# Catching tropical fish



## TommyBlaze (Jan 16, 2004)

I used my 50 ft dragnet and caught some tropical fish. Barracudas from 3 to 6 inches 2 diffrent types. http://home.earthlink.net/~lasweet1/sitebu...allbaracuda.jpg
http://images.google.com/imgres?imgurl=htt...3D%26ie%3DUTF-8
Those are the 2 types.
I also caught damsels reed fish and sea horses there cute. I also caught one of the wierdest fish i ever seen a file fish http://www.naturalsciences.org/education/d...es/filefish.jpg

I also caught a type of porcupine puffer stunning bright orange bottom yellow top with horns this is closest pic i can find online if doesnt have the orange it had though or the horns
http://images.google.com/imgres?imgurl=htt...DUTF-8%26sa%3DN

I brought most of these to my lfs and if everything works i will be selling them to him for next couple of weeks.
Would i be able to take ocean water and fill up my 29 gallon and start a salt water tank?
Would anybody be intrested in some cuda's or exoctic puffers???


----------



## Methuzela (Apr 27, 2004)

i want one of those file fish that thing was weird


----------



## TommyBlaze (Jan 16, 2004)

They were about 6 to 8 inches. If anybody doesn want any of these fish or any other ones i mentioned they will be super super cheap for p-fury members, about a quarter of the value of what there worth.


----------



## thePACK (Jan 3, 2003)

wow...those are some great catches..

do you have a digi by chance might be interetsed in that puffer...if you ship...


----------



## TommyBlaze (Jan 16, 2004)

I would ship but i never did it before. I'll be going tommorow and i'll let you know what we caught.


----------



## cruzeoc (Aug 30, 2004)

*i want a file fish and i want 1 now *also that puffer how sweet


----------



## TommyBlaze (Jan 16, 2004)

cruz did you get my pm?


----------



## TommyBlaze (Jan 16, 2004)

My new catch of th day look downs


----------



## TommyBlaze (Jan 16, 2004)

Sorry for the shitty pic but there silve and yellow


----------



## TommyBlaze (Jan 16, 2004)

My File fish is going after the look downs.....anybody want it for free......or hes piranha food by morning


----------



## acestro (Jul 7, 2003)

Don't feed the filefish! I'll take it if you can't find anyone soon enough.

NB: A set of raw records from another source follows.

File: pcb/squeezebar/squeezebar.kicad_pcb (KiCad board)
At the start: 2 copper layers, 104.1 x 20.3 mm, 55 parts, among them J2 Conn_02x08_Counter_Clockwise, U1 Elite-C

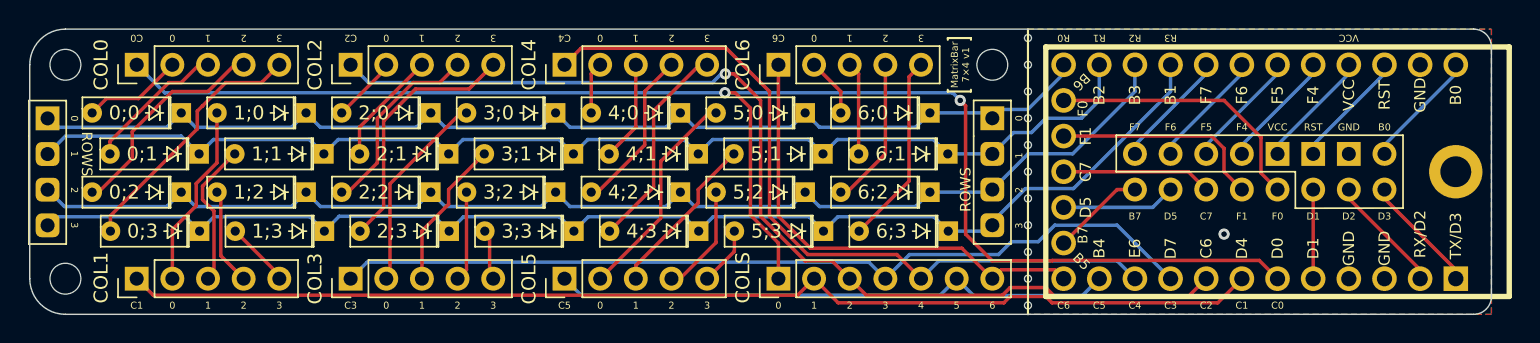
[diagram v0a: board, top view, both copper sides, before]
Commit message: Switch to M3 screws
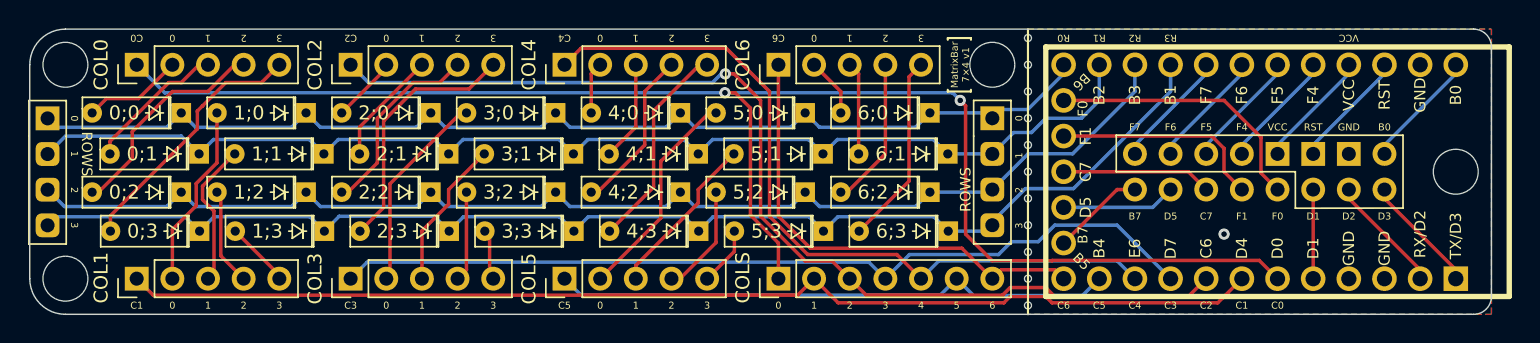
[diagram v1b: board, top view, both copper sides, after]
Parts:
- H1: footprint MountingHole:MountingHole_2.2mm_M2_DIN965_Pad -> MountingHole:MountingHole_3.2mm_M3_DIN965
- H2, H3, H4: footprint MountingHole:MountingHole_2.2mm_M2_DIN965 -> MountingHole:MountingHole_3.2mm_M3_DIN965
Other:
- board text added: "M3"
- board text removed: "M2"
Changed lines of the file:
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@@
   (net 54 "/pf1")
   (net 55 "/pf0")
-  (footprint "MountingHole:MountingHole_2.2mm_M2_DIN965" (layer "F.Cu")
+  (footprint "MountingHole:MountingHole_3.2mm_M3_DIN965" (layer "F.Cu")
     (at 30.48 60.96)
-    (descr "Mounting Hole 2.2mm, no annular, M2, DIN965")
-    (tags "mounting hole 2.2mm no annular m2 din965")
+    (descr "Mounting Hole 3.2mm, no annular, M3, DIN965")
+    (tags "mounting hole 3.2mm no annular m3 din965")
     (property "Sheetfile" "squeezebar.kicad_sch")
     (property "Sheetname" "")
     (attr exclude_from_pos_files)
-    (fp_text reference "H3" (at 0 -2.9) (layer "F.SilkS") hide
+    (fp_text reference "H3" (at 0 -3.8) (layer "F.SilkS") hide
       (effects (font (size 1 1) (thickness 0.15)))
     )
-    (fp_text value "MountingHole" (at 0 2.9) (layer "F.Fab")
+    (fp_text value "MountingHole" (at 0 3.8) (layer "F.Fab")
       (effects (font (size 1 1) (thickness 0.15)))
     )
@@
       (effects (font (size 1 1) (thickness 0.15)))
     )
-    (fp_circle (center 0 0) (end 1.9 0) (layer "Cmts.User") (width 0.15) (fill none))
-    (fp_circle (center 0 0) (end 2.15 0) (layer "F.CrtYd") (width 0.05) (fill none))
-    (pad "" np_thru_hole circle (at 0 0) (size 2.2 2.2) (drill 2.2) (layers *.Cu *.Mask))
+    (fp_circle (center 0 0) (end 2.8 0) (layer "Cmts.User") (width 0.15) (fill none))
+    (fp_circle (center 0 0) (end 3.05 0) (layer "F.CrtYd") (width 0.05) (fill none))
+    (pad "" np_thru_hole circle (at 0 0) (size 3.2 3.2) (drill 3.2) (layers *.Cu *.Mask))
   )
   (footprint "Library:breakaway-hole" (layer "F.Cu")
@@
       (net 26 "Net-(4;0-Pad2)") (pinfunction "A") (pintype "passive"))
   )
-  (footprint "MountingHole:MountingHole_2.2mm_M2_DIN965_Pad" (layer "F.Cu")
+  (footprint "MountingHole:MountingHole_3.2mm_M3_DIN965" (layer "F.Cu")
     (at 129.54 68.58)
-    (descr "Mounting Hole 2.2mm, M2, DIN965")
-    (tags "mounting hole 2.2mm m2 din965")
+    (descr "Mounting Hole 3.2mm, no annular, M3, DIN965")
+    (tags "mounting hole 3.2mm no annular m3 din965")
     (property "Sheetfile" "squeezebar.kicad_sch")
     (property "Sheetname" "")
     (attr exclude_from_pos_files)
-    (fp_text reference "H1" (at 0 -2.9) (layer "F.SilkS") hide
+    (fp_text reference "H1" (at 0 -3.8) (layer "F.SilkS") hide
       (effects (font (size 1 1) (thickness 0.15)))
     )
-    (fp_text value "MountingHole" (at 0 2.9) (layer "F.Fab")
+    (fp_text value "MountingHole" (at 0 3.8) (layer "F.Fab")
       (effects (font (size 1 1) (thickness 0.15)))
     )
@@
       (effects (font (size 1 1) (thickness 0.15)))
     )
-    (fp_circle (center 0 0) (end 1.9 0) (layer "Cmts.User") (width 0.15) (fill none))
-    (fp_circle (center 0 0) (end 2.15 0) (layer "F.CrtYd") (width 0.05) (fill none))
-    (pad "1" thru_hole circle (at 0 0) (size 3.8 3.8) (drill 2.2) (layers *.Cu *.Mask)
-      (net 40 "/gnd") (pinfunction "1") (pintype "input"))
+    (fp_circle (center 0 0) (end 2.8 0) (layer "Cmts.User") (width 0.15) (fill none))
+    (fp_circle (center 0 0) (end 3.05 0) (layer "F.CrtYd") (width 0.05) (fill none))
+    (pad "" np_thru_hole circle (at 0 0) (size 3.2 3.2) (drill 3.2) (layers *.Cu *.Mask))
   )
   (footprint "Library:PinHeader_1x05_P2.54mm_Vertical" (layer "F.Cu")
@@
       (net 5 "Net-(0;2-Pad2)") (pinfunction "A") (pintype "passive"))
   )
-  (footprint "MountingHole:MountingHole_2.2mm_M2_DIN965" (layer "F.Cu")
+  (footprint "MountingHole:MountingHole_3.2mm_M3_DIN965" (layer "F.Cu")
     (at 30.48 76.2)
-    (descr "Mounting Hole 2.2mm, no annular, M2, DIN965")
-    (tags "mounting hole 2.2mm no annular m2 din965")
+    (descr "Mounting Hole 3.2mm, no annular, M3, DIN965")
+    (tags "mounting hole 3.2mm no annular m3 din965")
     (property "Sheetfile" "squeezebar.kicad_sch")
     (property "Sheetname" "")
     (attr exclude_from_pos_files)
-    (fp_text reference "H4" (at 0 -2.9) (layer "F.SilkS") hide
+    (fp_text reference "H4" (at 0 -3.8) (layer "F.SilkS") hide
       (effects (font (size 1 1) (thickness 0.15)))
     )
-    (fp_text value "MountingHole" (at 0 2.9) (layer "F.Fab")
+    (fp_text value "MountingHole" (at 0 3.8) (layer "F.Fab")
       (effects (font (size 1 1) (thickness 0.15)))
     )
@@
       (effects (font (size 1 1) (thickness 0.15)))
     )
-    (fp_circle (center 0 0) (end 1.9 0) (layer "Cmts.User") (width 0.15) (fill none))
-    (fp_circle (center 0 0) (end 2.15 0) (layer "F.CrtYd") (width 0.05) (fill none))
-    (pad "" np_thru_hole circle (at 0 0) (size 2.2 2.2) (drill 2.2) (layers *.Cu *.Mask))
+    (fp_circle (center 0 0) (end 2.8 0) (layer "Cmts.User") (width 0.15) (fill none))
+    (fp_circle (center 0 0) (end 3.05 0) (layer "F.CrtYd") (width 0.05) (fill none))
+    (pad "" np_thru_hole circle (at 0 0) (size 3.2 3.2) (drill 3.2) (layers *.Cu *.Mask))
   )
   (footprint "Library:breakaway-hole" (layer "F.Cu")
@@
     )
   )
-  (footprint "MountingHole:MountingHole_2.2mm_M2_DIN965" (layer "F.Cu")
+  (footprint "MountingHole:MountingHole_3.2mm_M3_DIN965" (layer "F.Cu")
     (at 96.52 60.96)
-    (descr "Mounting Hole 2.2mm, no annular, M2, DIN965")
-    (tags "mounting hole 2.2mm no annular m2 din965")
+    (descr "Mounting Hole 3.2mm, no annular, M3, DIN965")
+    (tags "mounting hole 3.2mm no annular m3 din965")
     (property "Sheetfile" "squeezebar.kicad_sch")
     (property "Sheetname" "")
     (attr exclude_from_pos_files)
-    (fp_text reference "H2" (at 0 -2.9) (layer "F.SilkS") hide
+    (fp_text reference "H2" (at 0 -3.8) (layer "F.SilkS") hide
       (effects (font (size 1 1) (thickness 0.15)))
     )
-    (fp_text value "MountingHole" (at 0 2.9) (layer "F.Fab")
+    (fp_text value "MountingHole" (at 0 3.8) (layer "F.Fab")
       (effects (font (size 1 1) (thickness 0.15)))
     )
@@
       (effects (font (size 1 1) (thickness 0.15)))
     )
-    (fp_circle (center 0 0) (end 1.9 0) (layer "Cmts.User") (width 0.15) (fill none))
-    (fp_circle (center 0 0) (end 2.15 0) (layer "F.CrtYd") (width 0.05) (fill none))
-    (pad "" np_thru_hole circle (at 0 0) (size 2.2 2.2) (drill 2.2) (layers *.Cu *.Mask))
+    (fp_circle (center 0 0) (end 2.8 0) (layer "Cmts.User") (width 0.15) (fill none))
+    (fp_circle (center 0 0) (end 3.05 0) (layer "F.CrtYd") (width 0.05) (fill none))
+    (pad "" np_thru_hole circle (at 0 0) (size 3.2 3.2) (drill 3.2) (layers *.Cu *.Mask))
   )
   (footprint "Library:Diode" (layer "F.Cu")
@@
     (effects (font (size 0.5 0.5) (thickness 0.125)) (justify mirror))
   )
-  (gr_text "M2" (at 29.21 77.47 315) (layer "B.SilkS")
+  (gr_text "M3" (at 29.083 77.597 315) (layer "B.SilkS")
     (effects (font (size 0.5 0.5) (thickness 0.125)) (justify mirror))
   )
@@
     (effects (font (size 0.5 0.5) (thickness 0.125)))
   )
-  (dimension (type aligned) (layer "B.SilkS")
-    (pts (xy 30.48 76.2) (xy 27.94 76.2))
-    (height 1.27)
-    (gr_text "2.54" (at 29.21 74.93) (layer "B.SilkS")
-      (effects (font (size 0.5 0.5) (thickness 0.15)) (justify mirror))
-    )
-    (format (units 3) (units_format 0) (precision 2))
-    (style (thickness 0.15) (arrow_length 0.4) (text_position_mode 1) (extension_height 0.58642) (extension_offset 0.5) keep_text_aligned)
-  )
-  (dimension (type aligned) (layer "B.SilkS")
-    (pts (xy 30.48 76.2) (xy 30.48 78.74))
-    (height -1.27)
-    (gr_text "2.54" (at 31.75 77.47 90) (layer "B.SilkS")
-      (effects (font (size 0.5 0.5) (thickness 0.15)) (justify mirror))
-    )
-    (format (units 3) (units_format 0) (precision 2))
-    (style (thickness 0.15) (arrow_length 0.3) (text_position_mode 1) (extension_height 0.58642) (extension_offset 0.5) keep_text_aligned)
-  )
   (dimension (type aligned) (layer "Cmts.User")
     (pts (xy 27.88 66.05) (xy 134.874 66.04))
@@
   )
   (dimension (type aligned) (layer "User.1")
-    (pts (xy 129.54 68.58) (xy 129.54 66.548))
-    (height 7.62)
-    (gr_text "2 mm" (at 137.16 64.0334 90) (layer "User.1")
-      (effects (font (size 1 1) (thickness 0.15)))
-    )
-    (format (units 3) (units_format 1) (precision 1) suppress_zeroes)
-    (style (thickness 0.15) (arrow_length 1) (text_position_mode 2) (extension_height 0.58642) (extension_offset 0.5) keep_text_aligned)
-  )
-  (dimension (type aligned) (layer "User.1")
-    (pts (xy 27.94 78.74) (xy 97.155 78.74))
+    (pts (xy 27.94 78.74) (xy 96.52 78.74))
     (height 6.35)
-    (gr_text "69.22 mm" (at 62.5475 85.09) (layer "User.1")
+    (gr_text "68.58 mm" (at 62.23 85.09) (layer "User.1")
       (effects (font (size 1 1) (thickness 0.15)))
     )
@@
   )
   (dimension (type aligned) (layer "User.1")
-    (pts (xy 97.155 78.74) (xy 134.62 78.74))
+    (pts (xy 96.52 78.74) (xy 134.62 78.74))
     (height 6.35)
-    (gr_text "37.47 mm" (at 115.8875 85.09) (layer "User.1")
+    (gr_text "38.10 mm" (at 115.57 85.09) (layer "User.1")
       (effects (font (size 1 1) (thickness 0.15)))
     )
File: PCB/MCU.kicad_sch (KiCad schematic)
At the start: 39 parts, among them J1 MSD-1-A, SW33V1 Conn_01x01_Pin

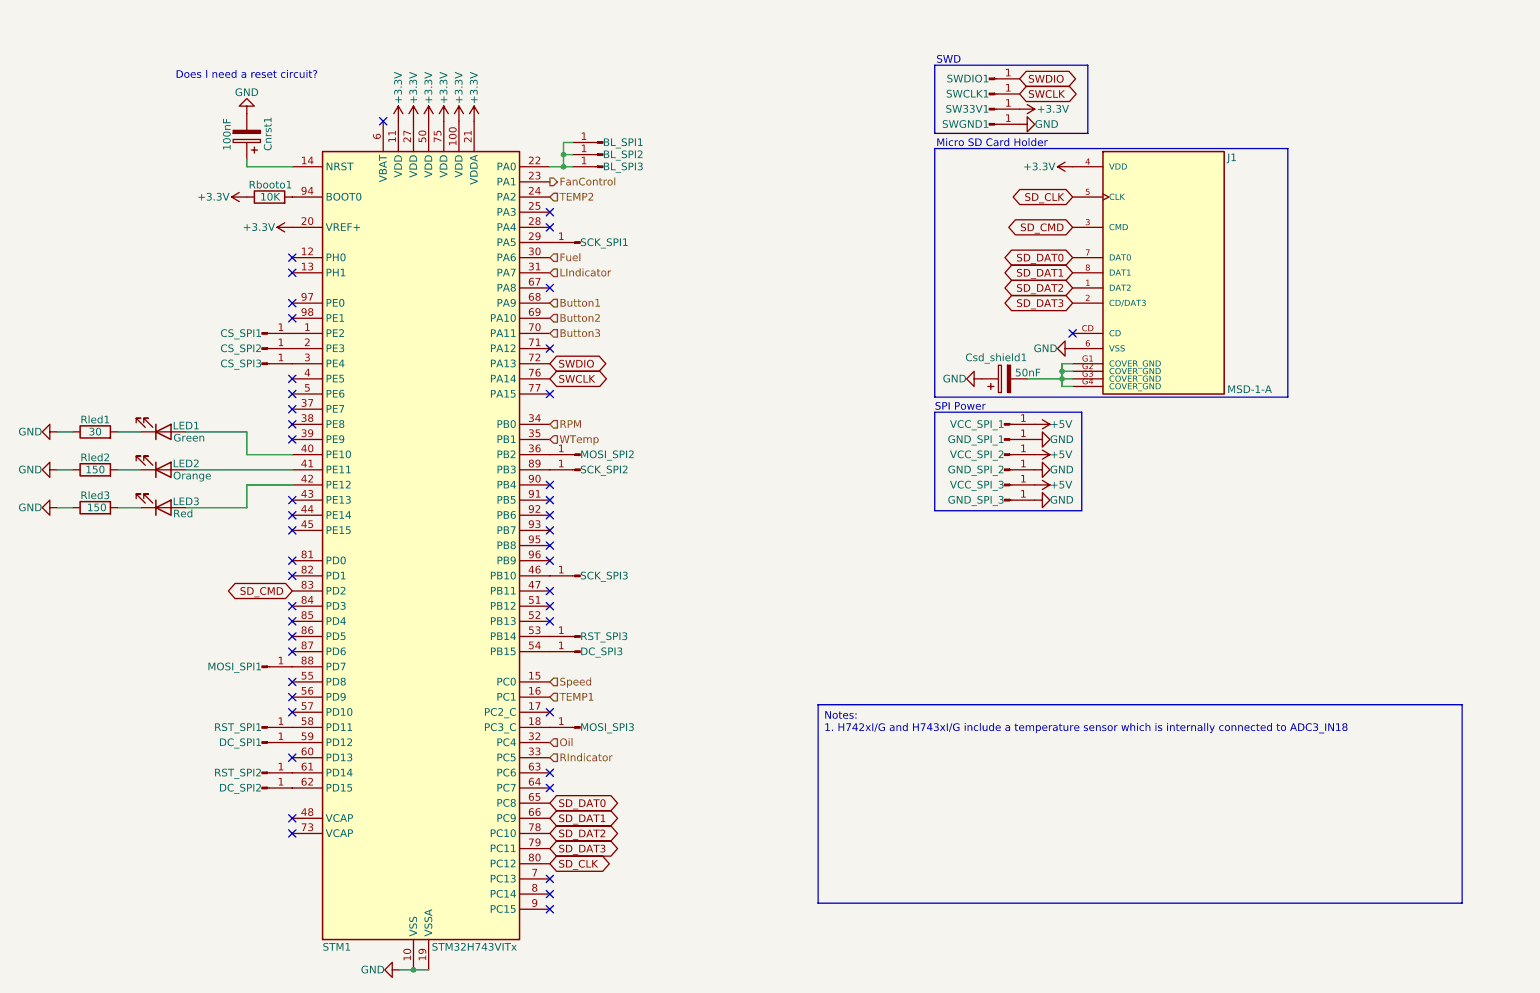
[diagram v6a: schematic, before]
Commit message: Finalized circuit design; Added PCB layout
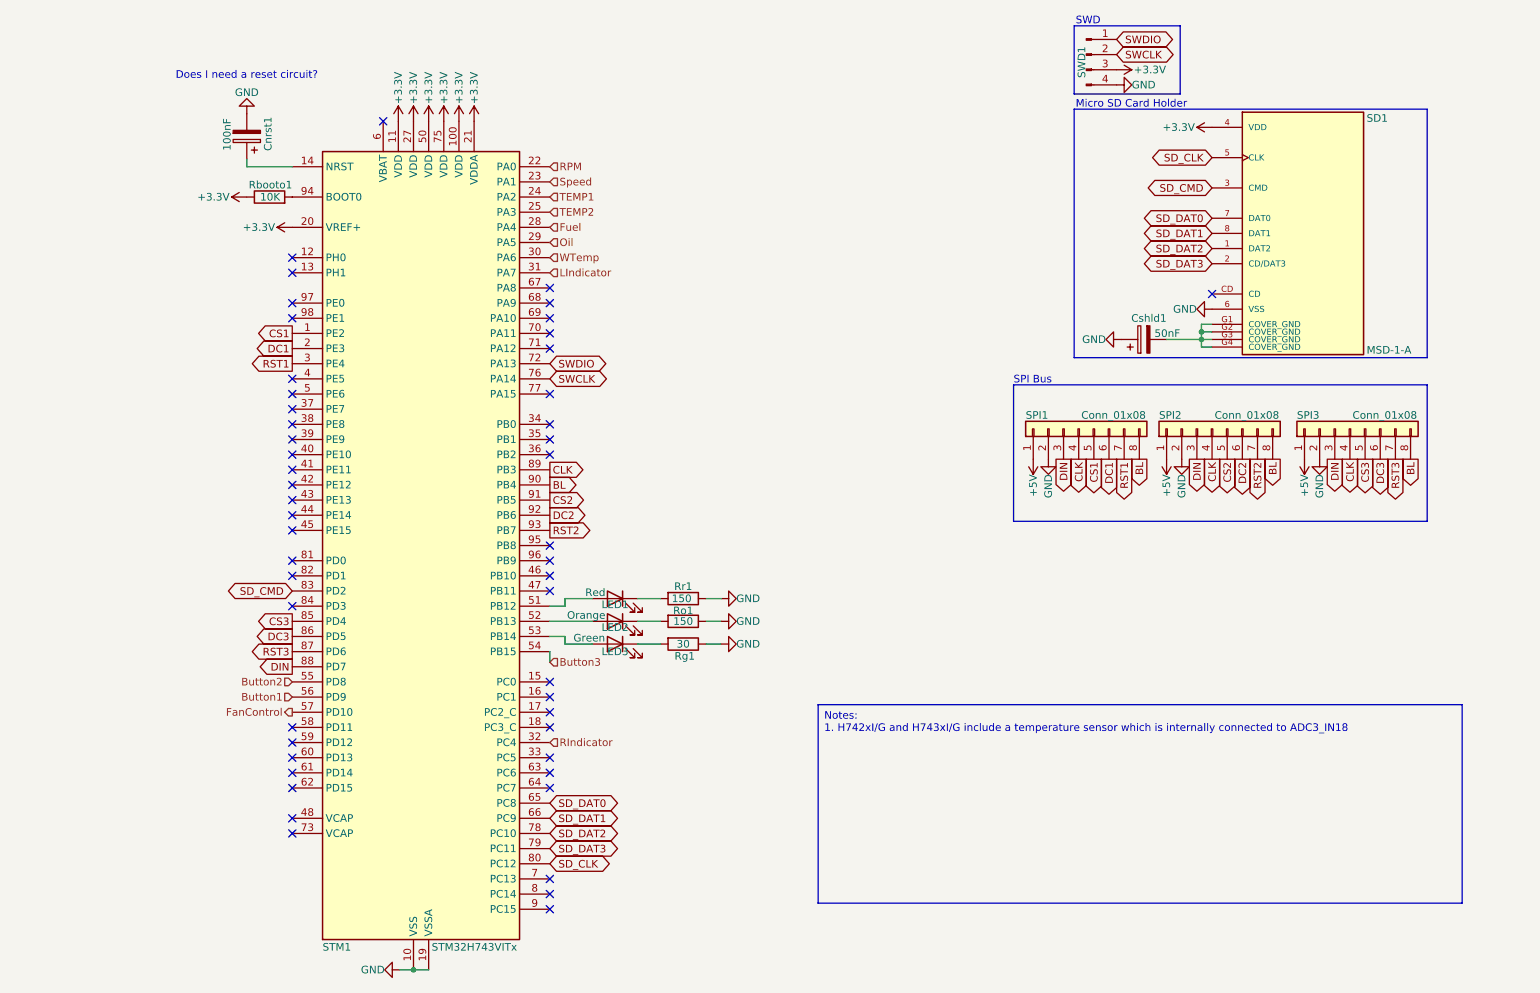
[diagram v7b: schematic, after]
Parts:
- removed BL_SPI1, BL_SPI2, BL_SPI3, CS_SPI1, CS_SPI2, CS_SPI3, DC_SPI1, DC_SPI2, DC_SPI3, GND_SPI_1, GND_SPI_2, GND_SPI_3, MOSI_SPI1, MOSI_SPI2, MOSI_SPI3, RST_SPI1, RST_SPI2, RST_SPI3, SCK_SPI1, SCK_SPI2, SCK_SPI3, SW33V1, SWCLK1, SWDIO1, SWGND1, VCC_SPI_1, VCC_SPI_2, VCC_SPI_3: Conn_01x01_Pin, Connector_PinHeader_2.54mm:PinHeader_1x01_P2.54mm_Vertical, symbol Connector:Conn_01x01_Pin
- removed Rled1: 30, Resistor_SMD:R_0603_1608Metric, symbol Device:R
- removed Rled2, Rled3: 150, Resistor_SMD:R_0603_1608Metric, symbol Device:R
- added Rg1: 30, Resistor_SMD:R_0603_1608Metric, symbol Device:R
- added Ro1, Rr1: 150, Resistor_SMD:R_0603_1608Metric, symbol Device:R
- added SPI1, SPI2, SPI3: Conn_01x08, Connector_JST:JST_SH_BM08B-SRSS-TB_1x08-1MP_P1.00mm_Vertical, symbol Connector_Generic:Conn_01x08
- added SWD1: Conn_01x04_Pin, Connector_PinHeader_2.54mm:PinHeader_1x04_P2.54mm_Vertical, symbol Connector:Conn_01x04_Pin
- LED1: value Green -> Red
- LED3: value Red -> Green
- renumbered Csd_shield1 to Cshld1, J1 to SD1
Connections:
- net +3.3V: now also SWD1.3 (Pin_3)
- net +5V: now also SPI1.1 (Pin_1), SPI2.1 (Pin_1), SPI3.1 (Pin_1)
- net Button1: now also STM1.56 (PD9); no longer STM1.68 (PA9)
- net Button2: now also STM1.55 (PD8); no longer STM1.69 (PA10)
- net Button3: now also STM1.54 (PB15); no longer STM1.70 (PA11)
- net FanControl: now also STM1.57 (PD10); no longer STM1.23 (PA1)
- net Fuel: now also STM1.28 (PA4); no longer STM1.30 (PA6)
- net GND: now also Rg1.1, Ro1.1, Rr1.1, SPI1.2 (Pin_2), SPI2.2 (Pin_2), SPI3.2 (Pin_2), SWD1.4 (Pin_4)
- net Oil: now also STM1.29 (PA5); no longer STM1.32 (PC4)
- net RIndicator: now also STM1.32 (PC4); no longer STM1.33 (PC5)
- net RPM: now also STM1.22 (PA0); no longer STM1.34 (PB0)
- net SWCLK: now also SWD1.2 (Pin_2)
- net SWDIO: now also SWD1.1 (Pin_1)
- net Speed: now also STM1.23 (PA1); no longer STM1.15 (PC0)
- net TEMP1: now also STM1.24 (PA2); no longer STM1.16 (PC1)
- net TEMP2: now also STM1.25 (PA3); no longer STM1.24 (PA2)
- net WTemp: now also STM1.30 (PA6); no longer STM1.35 (PB1)
- net DC1: now reaches STM1.2 (PE3)
- net DC1: now also SPI1.6 (Pin_6)
- net at LED2.1 (K): now also Ro1.2
- net RST1: now reaches STM1.3 (PE4)
- net RST1: now also SPI1.7 (Pin_7)
- net CS1: now reaches STM1.1 (PE2)
- net CS1: now also SPI1.5 (Pin_5)
- net at LED1.1 (K): now also Rr1.2
- net at LED1.2 (A): now also STM1.51 (PB12); no longer STM1.40 (PE10)
- net at STM1.53 (PB14): now also LED3.2 (A)
- net at LED2.2 (A): now also STM1.52 (PB13); no longer STM1.41 (PE11)
- net at STM1.42 (PE12): no longer LED3.2 (A)
- net CS3: now reaches STM1.85 (PD4)
- net CS3: now also SPI3.5 (Pin_5)
- net DC3: now reaches STM1.86 (PD5)
- net DC3: now also SPI3.6 (Pin_6)
- net RST3: now reaches STM1.87 (PD6)
- net RST3: now also SPI3.7 (Pin_7)
- net DIN: now reaches STM1.88 (PD7)
- net DIN: now also SPI1.3 (Pin_3), SPI2.3 (Pin_3), SPI3.3 (Pin_3)
- net CLK: now reaches STM1.89 (PB3)
- net CLK: now also SPI1.4 (Pin_4), SPI2.4 (Pin_4), SPI3.4 (Pin_4)
- net BL: now reaches STM1.90 (PB4)
- net BL: now also SPI1.8 (Pin_8), SPI2.8 (Pin_8), SPI3.8 (Pin_8)
- net CS2: now reaches STM1.91 (PB5)
- net CS2: now also SPI2.5 (Pin_5)
- net DC2: now reaches STM1.92 (PB6)
- net DC2: now also SPI2.6 (Pin_6)
- net RST2: now reaches STM1.93 (PB7)
- net RST2: now also SPI2.7 (Pin_7)
- net at LED3.1 (K): now also Rg1.2
- no-connect marks 46 -> 50
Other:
- note added: "SPI Bus"
- note removed: "SPI Power"
- moved on the sheet: Cshld1, SD1

Where are you located?


----------



## TommyBlaze (Jan 16, 2004)

New york let me know


----------



## thePACK (Jan 3, 2003)

definalty don;t feed it to your p's..set it loose or give it to someone..filefish are very nice

also congrads on the upside down..awesoem looking fish..but becareful ther picky eatters.


----------



## TommyBlaze (Jan 16, 2004)

Yeah i wouldnt feed it to my p's...I just want someone to take it, I'll probably let it go tommorow.


----------



## Pmemo (Apr 5, 2004)

how big is the look down fish? would you sell and ship to So Cal? How big is it?
I am also interested in puffers.
Please let me know the details.
Thanks.


----------



## TommyBlaze (Jan 16, 2004)

The look downs are about a inch and a half in lenght and height. I dont know what to charge but what ever it is it will be a super deal for p-fury members. Iam willing to ship but i have never done it. The boxey porcupine puffers are 15 each and there about 4 inches. I think thats a good deal.


----------



## Pmemo (Apr 5, 2004)

good, let me know if you ship it out.
how many look downs do you have?


----------



## TommyBlaze (Jan 16, 2004)

sorry man now that i think about it shipping out seems to risky.


----------



## Pmemo (Apr 5, 2004)




----------



## TommyBlaze (Jan 16, 2004)

Newest pick up is some type of tang its like a grayish blue with vertical stripes. Its not the greatest colors but its cool


----------



## TommyBlaze (Jan 16, 2004)

My newest catch


----------



## TommyBlaze (Jan 16, 2004)

Here's some actual pictures of the fish and caught that i sold to lfs's and gave to friends


----------



## TommyBlaze (Jan 16, 2004)

another


----------



## TommyBlaze (Jan 16, 2004)

another


----------



## TommyBlaze (Jan 16, 2004)

another, this one is shitty but its the only i have of the boxey spine puffers


----------



## TommyBlaze (Jan 16, 2004)

another


----------



## Death in #'s (Apr 29, 2003)

were in ny are you

i am intrested in some fish


----------



## TommyBlaze (Jan 16, 2004)

Long Island.....Iam pretty much out of everything. Which ones do you like? I wish you would of asked me like a month ago. All i wanted to do is hook up some p-fury members!!! But i guess nobody took me seriously







Next year i might inquire about getting a link up on p-fury







I already have 5 accounts with lfs's in a 5 mile radius of where i live


----------



## Death in #'s (Apr 29, 2003)

TommyBlaze said:


> Long Island.....Iam pretty much out of everything. Which ones do you like? I wish you would of asked me like a month ago. All i wanted to do is hook up some p-fury members!!! But i guess nobody took me seriously
> 
> 
> 
> ...










noooooooo

but seriously next time u go out throw me a pm or start a link
i need to add some life to my sw tank and some of those are perfect


----------



## acestro (Jul 7, 2003)

Excellent pics. A real education to me as to what you can find up there!

The last pic is an awesome fish! How did they all do? Did they ship well? Cool pic of the puffers too!


----------



## TommyBlaze (Jan 16, 2004)

The fish do well in a established aquarium. The toughest to keep are the butterflies
The boxy spine puffers are real hardy couple of my friends cycled their tanks with them. They have great personality too!! Surprisingly the sea horses do well too and they turn white when you white sand. I never shipped so i dont know about that. But i bet for sure the bsp's would ship well


----------